The future dystopia, in a world running low on resources, involves guarded compounds of these folks catered to by a small group of serviceable slaves.
This is the logical outcome of the policies they are pursuing and it is why no dissenting views are allowed to reach "the masses" through media conglomeration (they are bedeviled by the internet and are seeking to reign it in), why they are constructing a global police state, a massive prison system.
In previous times there were conciliations to the lower and middle classes here in the US (taking the forms of "social programs") but now that the spout is running dry they need to get it all, damn the torpedos, full speed ahead!
So events and crises are staged (like 9-11, "war on terrorism", etc) in order to control the narrative and the minds of the people through memes of fear, and to create fake demons to try and divert attention away from the REAL pick-pockets.
All is pretty much looted in the US and all they have left is a bloated military and a shell-game financial scam system.
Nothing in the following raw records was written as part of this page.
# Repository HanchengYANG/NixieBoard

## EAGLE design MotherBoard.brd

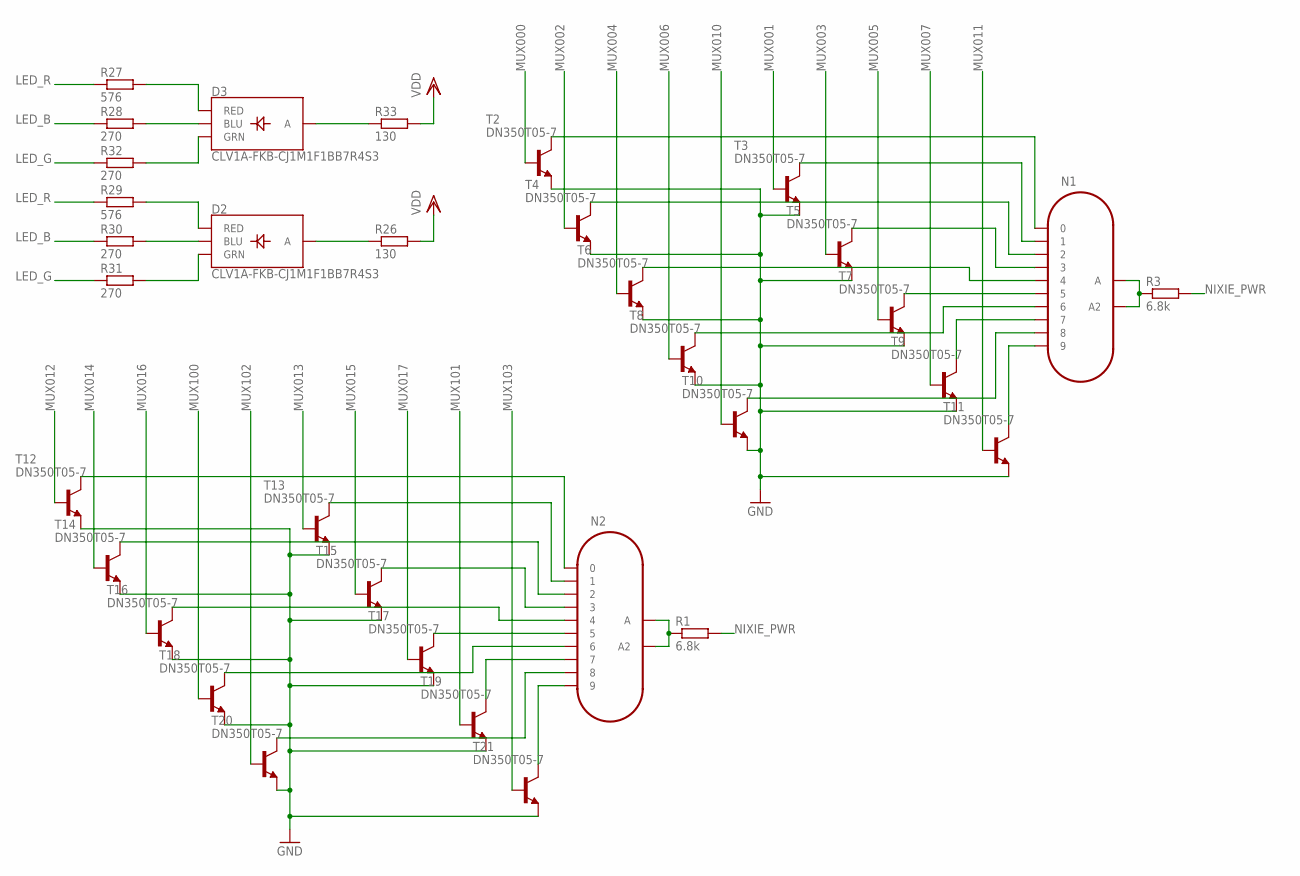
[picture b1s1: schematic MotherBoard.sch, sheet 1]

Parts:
D2, D3: CLV1A-FKB-CJ1M1F1BB7R4S3; P-LCC-4-3
N1, N2: IN-18
R1, R3: 6.8k; R0603
R26, R33: 130; R0603
R27, R29: 576; R0603
R28, R30, R31, R32: 270; R0603
T2, T3, T4, T5, T6, T7, T8, T9, T10, T11, T12, T13, T14, T15, T16, T17, T18, T19, T20, T21: DN350T05-7; SOT23-EBC

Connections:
GND: T2.E, T3.E, T4.E, T5.E, T6.E, T7.E, T8.E, T9.E, T10.E, T11.E, T12.E, T13.E, T14.E, T15.E, T16.E, T17.E, T18.E, T19.E, T20.E, T21.E; also elsewhere on the board
LED_B: R28.1, R30.1; also elsewhere on the board
LED_G: R31.1, R32.1; also elsewhere on the board
LED_R: R27.1, R29.1; also elsewhere on the board
MUX000: T2.B; also elsewhere on the board
MUX001: T3.B; also elsewhere on the board
MUX002: T4.B; also elsewhere on the board
MUX003: T5.B; also elsewhere on the board
MUX004: T6.B; also elsewhere on the board
MUX005: T7.B; also elsewhere on the board
MUX006: T8.B; also elsewhere on the board
MUX007: T9.B; also elsewhere on the board
MUX010: T10.B; also elsewhere on the board
MUX011: T11.B; also elsewhere on the board
MUX012: T12.B; also elsewhere on the board
MUX013: T13.B; also elsewhere on the board
MUX014: T14.B; also elsewhere on the board
MUX015: T15.B; also elsewhere on the board
MUX016: T16.B; also elsewhere on the board
MUX017: T17.B; also elsewhere on the board
MUX100: T18.B; also elsewhere on the board
MUX101: T19.B; also elsewhere on the board
MUX102: T20.B; also elsewhere on the board
MUX103: T21.B; also elsewhere on the board
unnamed: N2.1, T13.C
unnamed: N2.2, T14.C
unnamed: N2.3, T15.C
unnamed: N2.4, T16.C
unnamed: N1.A, N1.A2, R3.1
unnamed: N1.1, T3.C
unnamed: N1.2, T4.C
unnamed: N1.3, T5.C
unnamed: N1.4, T6.C
unnamed: N1.5, T7.C
unnamed: N1.6, T8.C
unnamed: N2.5, T17.C
unnamed: N2.6, T18.C
unnamed: N1.7, T9.C
unnamed: N1.8, T10.C
unnamed: N1.9, T11.C
unnamed: N2.7, T19.C
unnamed: N2.0, T12.C
unnamed: N2.8, T20.C
unnamed: N2.9, T21.C
unnamed: N2.A, N2.A2, R1.1
unnamed: N1.0, T2.C
unnamed: D2.4 (A), R26.1
unnamed: D2.1 (RED), R29.2
unnamed: D2.3 (BLU), R30.2
unnamed: D2.2 (GRN), R31.2
unnamed: D3.4 (A), R33.1
unnamed: D3.1 (RED), R27.2
unnamed: D3.3 (BLU), R28.2
unnamed: D3.2 (GRN), R32.2
NIXIE_PWR: R1.2, R3.2; also elsewhere on the board
VDD: R26.2, R33.2; also elsewhere on the board

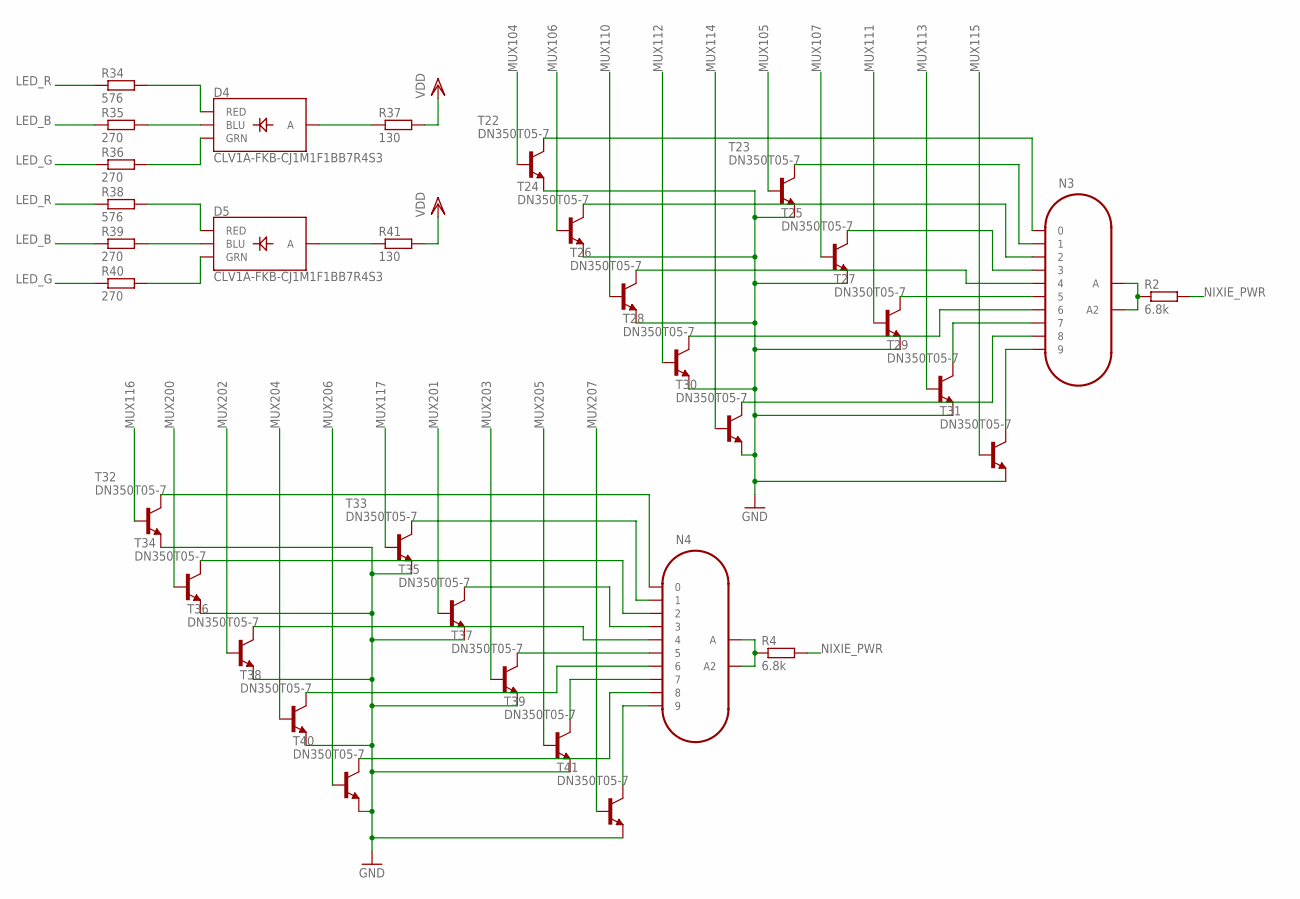
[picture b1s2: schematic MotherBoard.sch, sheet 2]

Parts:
D4, D5: CLV1A-FKB-CJ1M1F1BB7R4S3; P-LCC-4-3
N3, N4: IN-18
R2, R4: 6.8k; R0603
R34, R38: 576; R0603
R35, R36, R39, R40: 270; R0603
R37, R41: 130; R0603
T22, T23, T24, T25, T26, T27, T28, T29, T30, T31, T32, T33, T34, T35, T36, T37, T38, T39, T40, T41: DN350T05-7; SOT23-EBC

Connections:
GND: T22.E, T23.E, T24.E, T25.E, T26.E, T27.E, T28.E, T29.E, T30.E, T31.E, T32.E, T33.E, T34.E, T35.E, T36.E, T37.E, T38.E, T39.E, T40.E, T41.E; also elsewhere on the board
LED_B: R35.1, R39.1; also elsewhere on the board
LED_G: R36.1, R40.1; also elsewhere on the board
LED_R: R34.1, R38.1; also elsewhere on the board
MUX104: T22.B; also elsewhere on the board
MUX105: T23.B; also elsewhere on the board
MUX106: T24.B; also elsewhere on the board
MUX107: T25.B; also elsewhere on the board
MUX110: T26.B; also elsewhere on the board
MUX111: T27.B; also elsewhere on the board
MUX112: T28.B; also elsewhere on the board
MUX113: T29.B; also elsewhere on the board
MUX114: T30.B; also elsewhere on the board
MUX115: T31.B; also elsewhere on the board
MUX116: T32.B; also elsewhere on the board
MUX117: T33.B; also elsewhere on the board
MUX200: T34.B; also elsewhere on the board
MUX201: T35.B; also elsewhere on the board
MUX202: T36.B; also elsewhere on the board
MUX203: T37.B; also elsewhere on the board
MUX204: T38.B; also elsewhere on the board
MUX205: T39.B; also elsewhere on the board
MUX206: T40.B; also elsewhere on the board
MUX207: T41.B; also elsewhere on the board
unnamed: N3.1, T23.C
unnamed: N3.2, T24.C
unnamed: N3.3, T25.C
unnamed: N3.4, T26.C
unnamed: N3.5, T27.C
unnamed: N3.6, T28.C
unnamed: N3.7, T29.C
unnamed: N3.0, T22.C
unnamed: N3.8, T30.C
unnamed: N3.9, T31.C
unnamed: N3.A, N3.A2, R2.1
unnamed: N4.1, T33.C
unnamed: N4.2, T34.C
unnamed: N4.3, T35.C
unnamed: N4.4, T36.C
unnamed: N4.5, T37.C
unnamed: N4.6, T38.C
unnamed: N4.7, T39.C
unnamed: N4.0, T32.C
unnamed: N4.8, T40.C
unnamed: N4.9, T41.C
unnamed: N4.A, N4.A2, R4.1
unnamed: D4.4 (A), R37.1
unnamed: D4.1 (RED), R34.2
unnamed: D4.3 (BLU), R35.2
unnamed: D4.2 (GRN), R36.2
unnamed: D5.4 (A), R41.1
unnamed: D5.1 (RED), R38.2
unnamed: D5.3 (BLU), R39.2
unnamed: D5.2 (GRN), R40.2
NIXIE_PWR: R2.2, R4.2; also elsewhere on the board
VDD: R37.2, R41.2; also elsewhere on the board

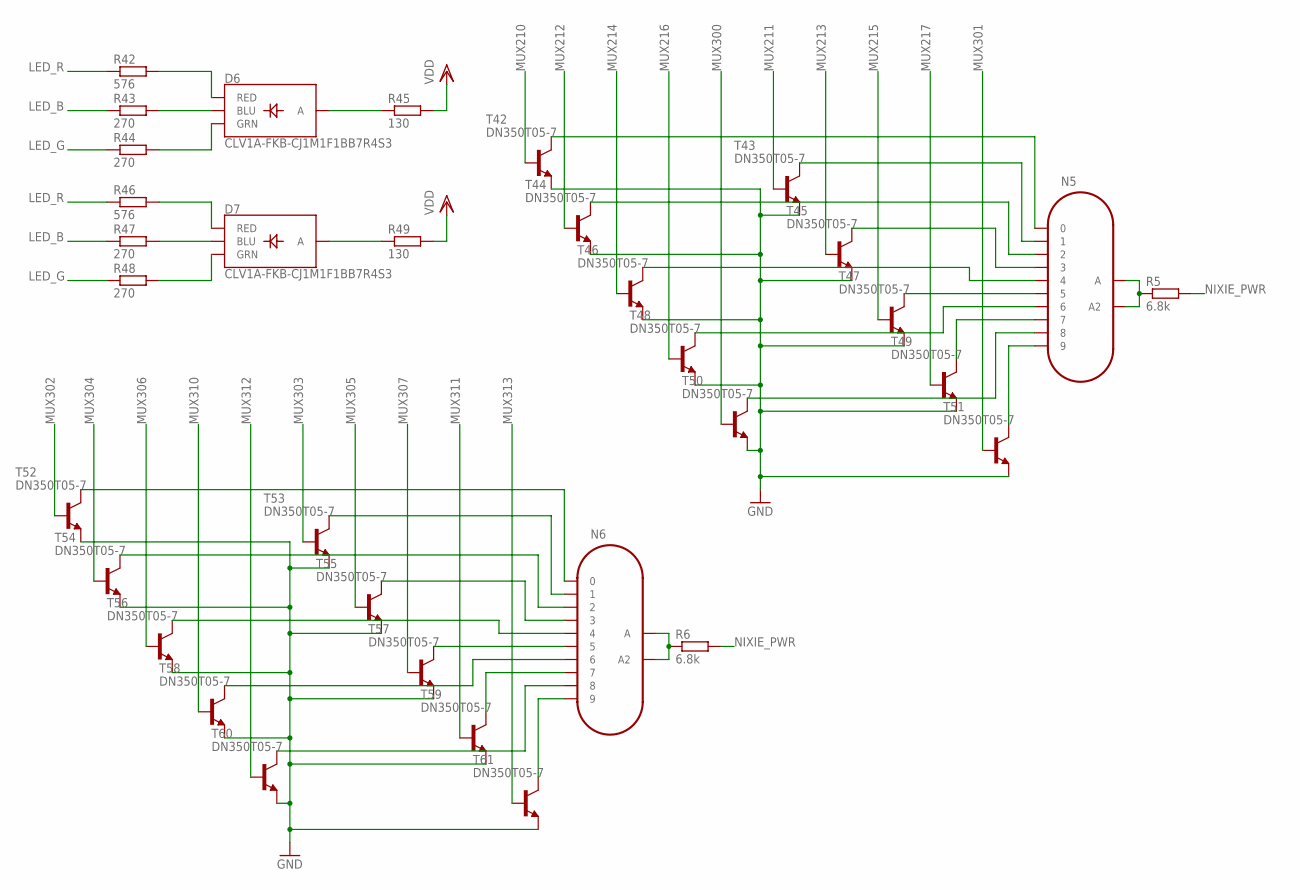
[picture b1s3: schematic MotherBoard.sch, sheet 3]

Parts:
D6, D7: CLV1A-FKB-CJ1M1F1BB7R4S3; P-LCC-4-3
N5, N6: IN-18
R5, R6: 6.8k; R0603
R42, R46: 576; R0603
R43, R44, R47, R48: 270; R0603
R45, R49: 130; R0603
T42, T43, T44, T45, T46, T47, T48, T49, T50, T51, T52, T53, T54, T55, T56, T57, T58, T59, T60, T61: DN350T05-7; SOT23-EBC

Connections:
GND: T42.E, T43.E, T44.E, T45.E, T46.E, T47.E, T48.E, T49.E, T50.E, T51.E, T52.E, T53.E, T54.E, T55.E, T56.E, T57.E, T58.E, T59.E, T60.E, T61.E; also elsewhere on the board
LED_B: R43.1, R47.1; also elsewhere on the board
LED_G: R44.1, R48.1; also elsewhere on the board
LED_R: R42.1, R46.1; also elsewhere on the board
MUX210: T42.B; also elsewhere on the board
MUX211: T43.B; also elsewhere on the board
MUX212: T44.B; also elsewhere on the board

They are losing the current military endeavor in Iraq to a group of "insurgents" many of whom learned their trades during the Iran-Iraq war in the early 1980's when they were being trained and supported by the US.
It's all so transparent and tiresome. Utterly and nakedly criminal. There ain't no future to it. It's not what we hairless monkeys are created for, me thinks.
They will implement this unless one way or another we stop them.